:: Exercise directions ::
Exactly and only the lines from the first entry through the line with "61.827L154.068 382.173M285.936 61.827L285.936" should be copied, both ends included, with no pictures.

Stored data
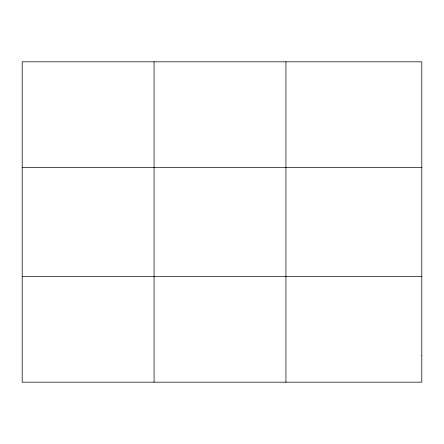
<?xml version="1.0" encoding="UTF-8"?>
<svg xmlns="http://www.w3.org/2000/svg" width="444" height="444" viewBox="0 0 444 444"><rect width="100%" height="100%" fill="white"/><g stroke="black" fill="none" stroke-linecap="round" stroke-linejoin="round"><path stroke-width="0.67" d="M154.068 61.827L154.068 382.173M285.936 61.827L285.936 382.173M22.2 167.543L421.8 167.543M22.2 276.462L421.8 276.462M421.8 355.744L421.8 382.173L22.2 382.173L22.2 61.827L421.8 61.827L421.8 355.744"/></g></svg>
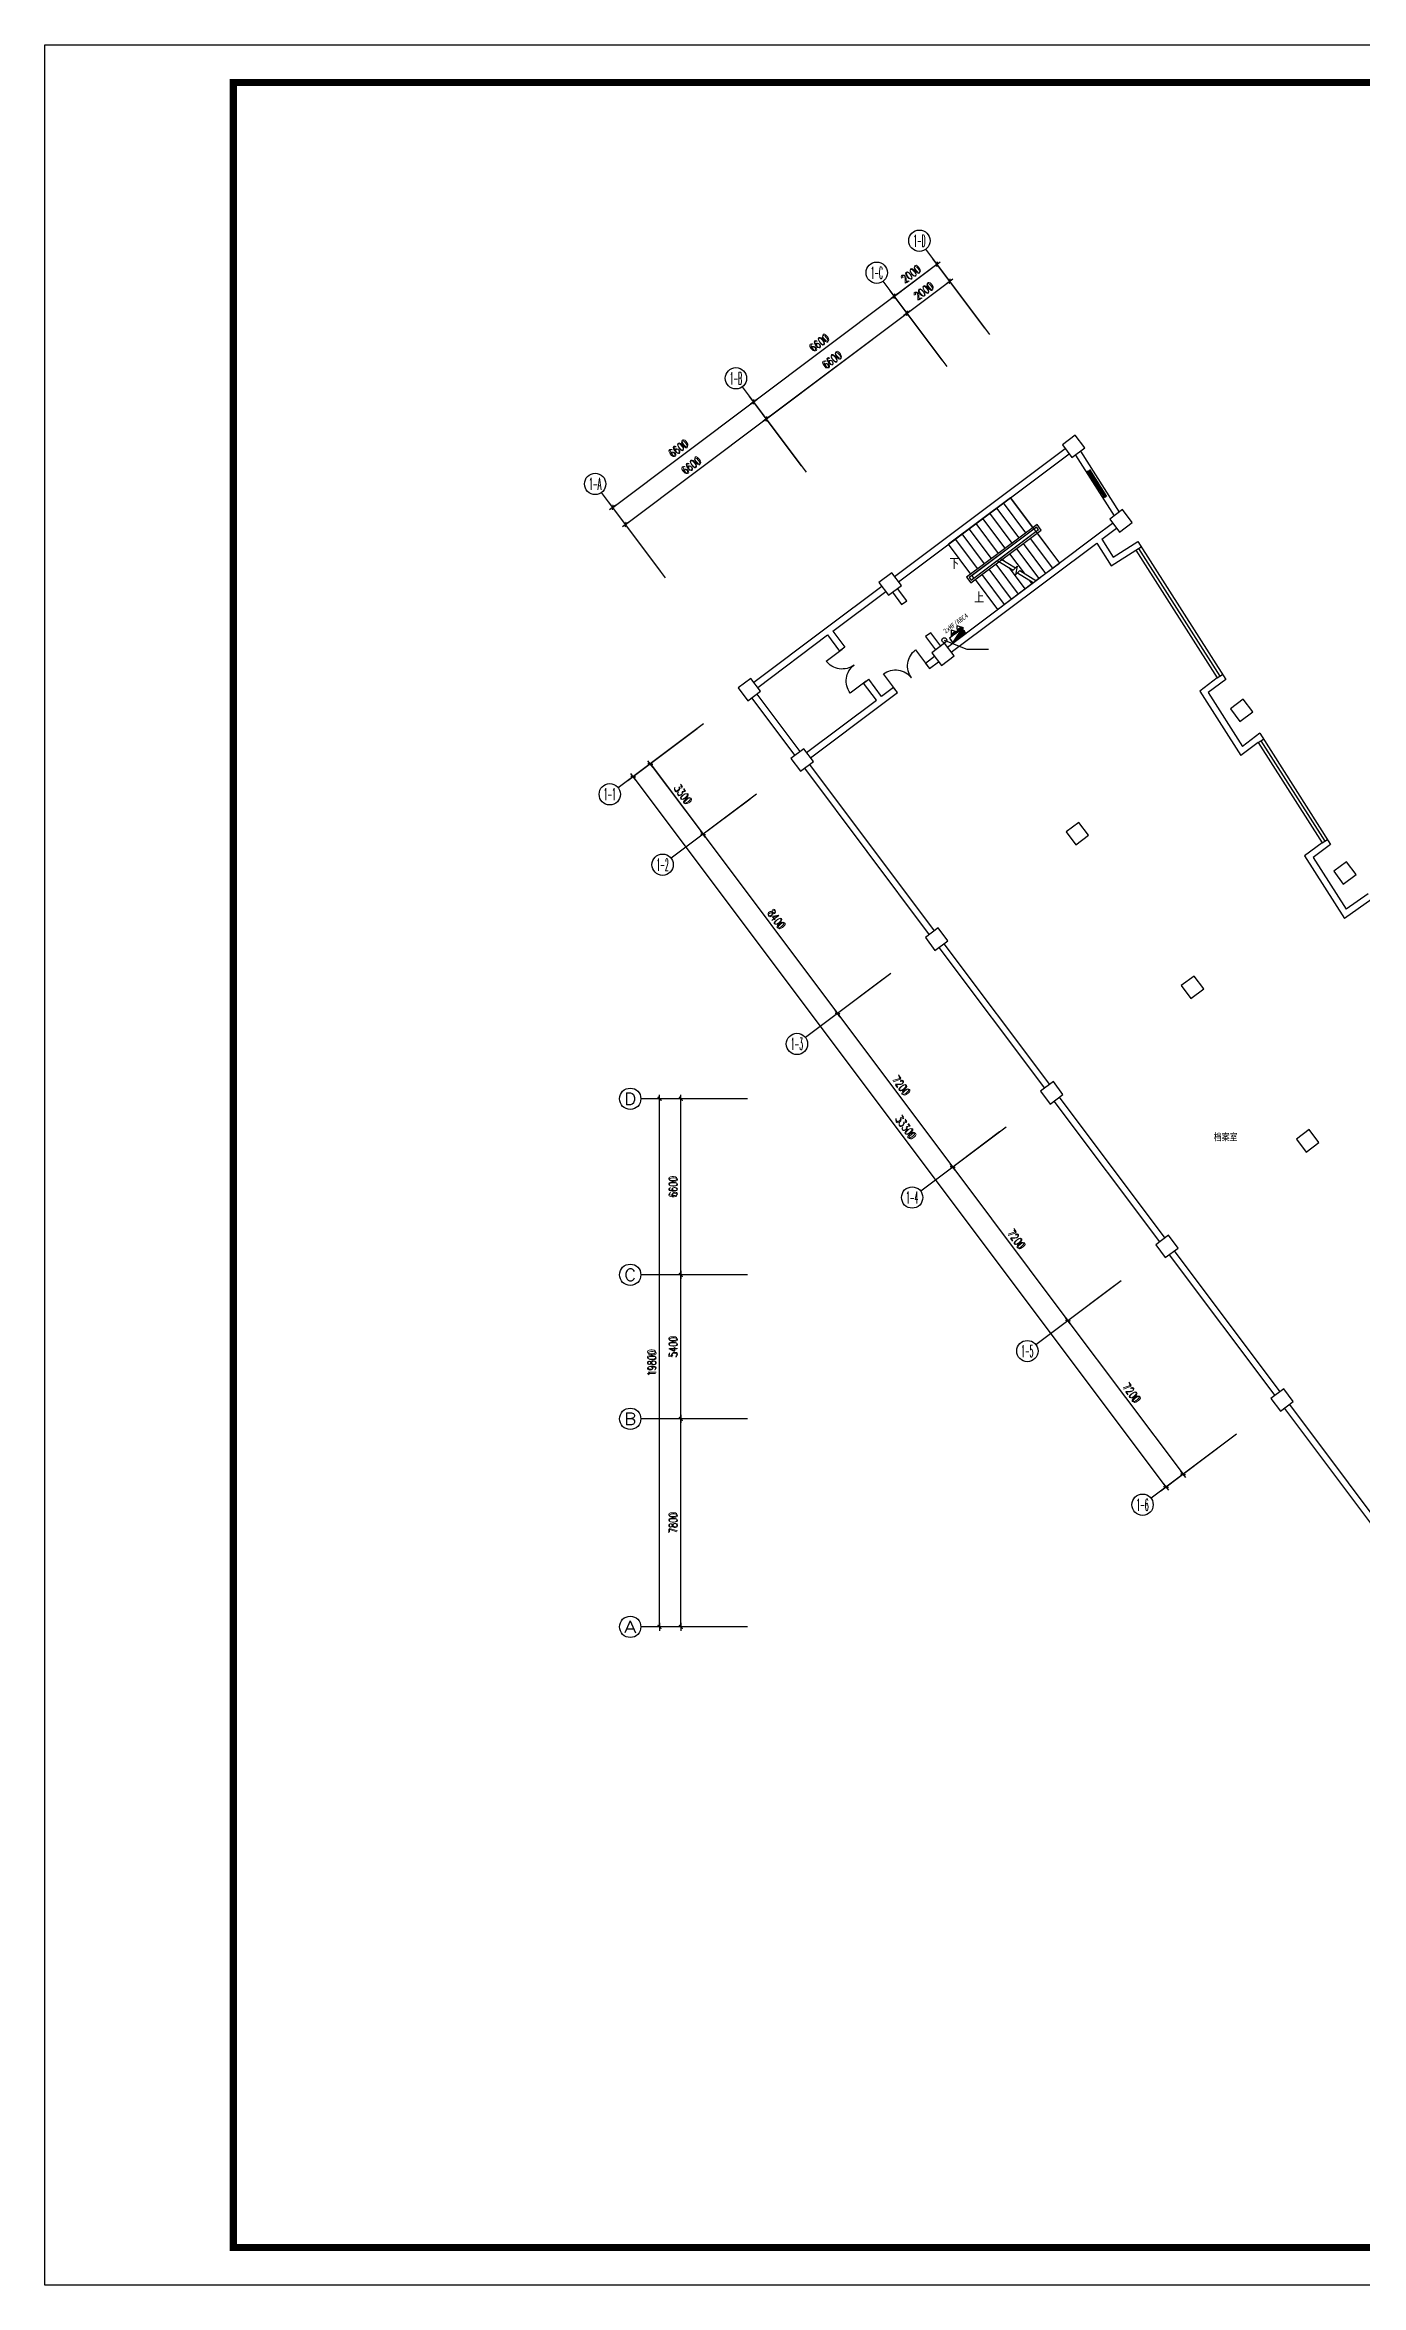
# Model space of a CAD drawing. Extents: x -149393 to 1177518, y -366685 to 296590.
# Drawn here: x 856650 to 906021, y -685 to 83324 of the extents above; entities that cross this region are included whole.
import ezdxf
from ezdxf.enums import TextEntityAlignment as Align

# ---------------------------------------------------------------- set-up
doc = ezdxf.new("R2010")
doc.units = 0
doc.header["$LTSCALE"] = 1000
doc.header["$MEASUREMENT"] = 0
doc.layers.get('0').update_dxf_attribs({"linetype": 'CONTINUOUS'})
doc.layers.get('Defpoints').update_dxf_attribs({"linetype": 'CONTINUOUS'})
for name, color, linetype in [('AXIS', 3, 'CONTINUOUS'), ('AXIS_TEXT', 7, 'CONTINUOUS'), ('COLUMN', 9, 'CONTINUOUS'), ('EQUIP-消防', 3, 'CONTINUOUS'), ('PUB_TITLE', 253, 'CONTINUOUS'), ('STAIR', 2, 'CONTINUOUS'), ('TEL_SYMB', 3, 'CONTINUOUS'), ('TEL_TEXT', 7, 'CONTINUOUS'), ('WALL', 9, 'CONTINUOUS'), ('WINDOW', 4, 'CONTINUOUS')]:
    doc.layers.add(name, color=color, linetype=linetype)
doc.styles.add('_TCH_AXIS', font='COMPLEX', dxfattribs={"bigfont": 'GBCBIG'})
doc.styles.add('_TCH_DIM', font='SIMPLEX', dxfattribs={"bigfont": 'GBCBIG'})
doc.styles.add('_TCH_DIM_T3', font='SIMPLEX', dxfattribs={"width": 0.705882, "bigfont": 'GBCBIG'})
doc.styles.add('_TEL_DIM', font='', dxfattribs={"width": 0.8, "height": 3.5})
doc.styles.add('COMPLEX', font='COMPLEX')
doc.styles.add('DIM_FONT', font='SIMPLEX.shx', dxfattribs={"width": 0.8})
doc.styles.add('宋体', font='')
doc.styles.get('_TEL_DIM').set_extended_font_data('SimSun')
doc.styles.get('宋体').set_extended_font_data('SimSun')
doc.dimstyles.new('_TCH_ARCH&&100', dxfattribs={"dimtxt": 297.5, "dimasz": 100, "dimexe": 250, "dimexo": 300, "dimgap": 126.25, "dimtad": 1, "dimdec": 0, "dimzin": 0, "dimdsep": 46, "dimtxsty": '_TCH_DIM_T3', "dimblk": 'ARCHTICK', "dimcen": 0.09, "dimclrt": 7, "dimazin": 2, "dimtfac": 1, "dimtdec": 0, "dimtix": 1, "dimtmove": 2, "dimatfit": 3, "dimfxl": 1, "dimtolj": 1, "dimtzin": 0, "dimarcsym": 0})
doc.dimstyles.new('DIMN', dxfattribs={"dimtxt": 300, "dimasz": 1, "dimexe": 250, "dimexo": 300, "dimgap": 150, "dimtad": 1, "dimdec": 0, "dimdsep": 46, "dimtxsty": 'DIM_FONT', "dimblk": '_DIMX', "dimcen": 2.5, "dimclrt": 7, "dimadec": 0, "dimazin": 0, "dimtfac": 1, "dimtdec": 0, "dimtix": 1, "dimtmove": 2, "dimatfit": 3, "dimldrblk": '_DIMX', "dimfxl": 1, "dimtolj": 1, "dimarcsym": 0})

# ---------------------------------------------------------------- blocks, each defined once
blk = doc.blocks.new('$equip_U$00000306(cyc-PC)')
for p, q in [((1.6, -0.29), (0, 0.29)), ((0, 0.29), (1.6, 0.29)), ((0, -0.29), (0, 0.29)), ((1.6, 0.29), (1.6, -0.29)), ((1.6, -0.29), (0, -0.29))]:
    blk.add_line(p, q)
for p in [(0, 0), (0.8, 0.29), (1.6, 0), (0.8, -0.29)]:
    blk.add_point(p)
blk.add_solid([(1.6, -0.29), (0, -0.29), (0, 0.29)])
at = {"color": 7, "style": '_TEL_DIM', "flags": 1}
blk.add_attdef('A', text='', height=0.00002, dxfattribs=at).set_placement((0, 0), align=Align.MIDDLE_CENTER)
blk = doc.blocks.new('_DIMX')
blk.add_line((-150, 0), (150, 0))
at = {"const_width": 50}
blk.add_lwpolyline([(-70, -70), (70, 70)], dxfattribs=at)
blk = doc.blocks.new('_ArchTick')
at = {"color": 0, "linetype": 'ByBlock', "const_width": 0.4}
blk.add_lwpolyline([(-0.5, -0.5), (0.5, 0.5)], dxfattribs=at)
blk = doc.blocks.new('*D931')
at = {"layer": 'AXIS', "color": 0, "lineweight": -2, "transparency": 16777216}
for p, q in [((888991, 73258), (890591, 74458)), ((891911, 72698), (890441, 74658)), ((890311, 71498), (888841, 73458))]:
    blk.add_line(p, q, dxfattribs=at)
at = {"layer": 'Defpoints', "color": 0, "transparency": 16777216}
for p in [(890591, 74458), (892091, 72458), (890491, 71258)]:
    blk.add_point(p, dxfattribs=at)
at = {"layer": 'AXIS', "color": 0, "lineweight": -2, "transparency": 16777216, "xscale": 100, "yscale": 100, "zscale": 100}
for p, rotation in [((890591, 74458), 36.87000000000068), ((888991, 73258), 216.8700000000007)]:
    blk.add_blockref('_ArchTick', p, dxfattribs=dict(at, rotation=rotation))
at = {"layer": 'AXIS', "color": 7, "transparency": 16777216, "insert": (889626, 74078), "char_height": 297.5, "attachment_point": 5, "rotation": 36.87, "style": '_TCH_DIM_T3'}
blk.add_mtext('\\A1;2000', dxfattribs=at)
blk = doc.blocks.new('*D932')
at = {"layer": 'AXIS', "color": 0, "lineweight": -2, "transparency": 16777216}
for p, q in [((888511, 73898), (890111, 75098)), ((891911, 72698), (889961, 75298)), ((890311, 71498), (888361, 74098))]:
    blk.add_line(p, q, dxfattribs=at)
at = {"layer": 'Defpoints', "color": 0, "transparency": 16777216}
for p in [(890111, 75098), (892091, 72458), (890491, 71258)]:
    blk.add_point(p, dxfattribs=at)
at = {"layer": 'AXIS', "color": 0, "lineweight": -2, "transparency": 16777216, "xscale": 100, "yscale": 100, "zscale": 100}
for p, rotation in [((890111, 75098), 36.87000000000068), ((888511, 73898), 216.8700000000007)]:
    blk.add_blockref('_ArchTick', p, dxfattribs=dict(at, rotation=rotation))
at = {"layer": 'AXIS', "color": 7, "transparency": 16777216, "insert": (889146, 74718), "char_height": 297.5, "attachment_point": 5, "rotation": 36.87, "style": '_TCH_DIM_T3'}
blk.add_mtext('\\A1;2000', dxfattribs=at)
blk = doc.blocks.new('*D933')
at = {"layer": 'AXIS', "color": 0, "lineweight": -2, "transparency": 16777216}
for p, q in [((883711, 69298), (888991, 73258)), ((890311, 71498), (888841, 73458)), ((885031, 67538), (883561, 69498))]:
    blk.add_line(p, q, dxfattribs=at)
at = {"layer": 'Defpoints', "color": 0, "transparency": 16777216}
for p in [(888991, 73258), (890491, 71258), (885211, 67298)]:
    blk.add_point(p, dxfattribs=at)
at = {"layer": 'AXIS', "color": 0, "lineweight": -2, "transparency": 16777216, "xscale": 100, "yscale": 100, "zscale": 100}
for p, rotation in [((888991, 73258), 36.86999999999998), ((883711, 69298), 216.87)]:
    blk.add_blockref('_ArchTick', p, dxfattribs=dict(at, rotation=rotation))
at = {"layer": 'AXIS', "color": 7, "transparency": 16777216, "insert": (886186, 71498), "char_height": 297.5, "attachment_point": 5, "rotation": 36.87, "style": '_TCH_DIM_T3'}
blk.add_mtext('\\A1;6600', dxfattribs=at)
blk = doc.blocks.new('*D934')
at = {"layer": 'AXIS', "color": 0, "lineweight": -2, "transparency": 16777216}
for p, q in [((890311, 71498), (888361, 74098)), ((883231, 69938), (888511, 73898)), ((885031, 67538), (883081, 70138))]:
    blk.add_line(p, q, dxfattribs=at)
at = {"layer": 'Defpoints', "color": 0, "transparency": 16777216}
for p in [(888511, 73898), (890491, 71258), (885211, 67298)]:
    blk.add_point(p, dxfattribs=at)
at = {"layer": 'AXIS', "color": 0, "lineweight": -2, "transparency": 16777216, "xscale": 100, "yscale": 100, "zscale": 100}
for p, rotation in [((888511, 73898), 36.86999999999998), ((883231, 69938), 216.87)]:
    blk.add_blockref('_ArchTick', p, dxfattribs=dict(at, rotation=rotation))
at = {"layer": 'AXIS', "color": 7, "transparency": 16777216, "insert": (885706, 72138), "char_height": 297.5, "attachment_point": 5, "rotation": 36.87, "style": '_TCH_DIM_T3'}
blk.add_mtext('\\A1;6600', dxfattribs=at)
blk = doc.blocks.new('*D935')
at = {"layer": 'AXIS', "color": 0, "lineweight": -2, "transparency": 16777216}
for p, q in [((878431, 65338), (883711, 69298)), ((885031, 67538), (883561, 69498)), ((879751, 63578), (878281, 65538))]:
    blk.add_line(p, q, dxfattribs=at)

:: Written response ::
<?xml version="1.0" encoding="UTF-8"?>
<svg xmlns="http://www.w3.org/2000/svg" width="444" height="444" viewBox="0 0 444 444"><rect width="100%" height="100%" fill="white"/><g stroke="black" fill="none" stroke-linecap="round" stroke-linejoin="round"><path stroke-width="0.67" d="M154.068 61.827L154.068 382.173M285.936 61.827L285.936 382.173M22.2 167.543L421.8 167.543M22.2 276.462L421.8 276.462M421.8 355.744L421.8 382.173L22.2 382.173L22.2 61.827L421.8 61.827L421.8 355.744"/></g></svg>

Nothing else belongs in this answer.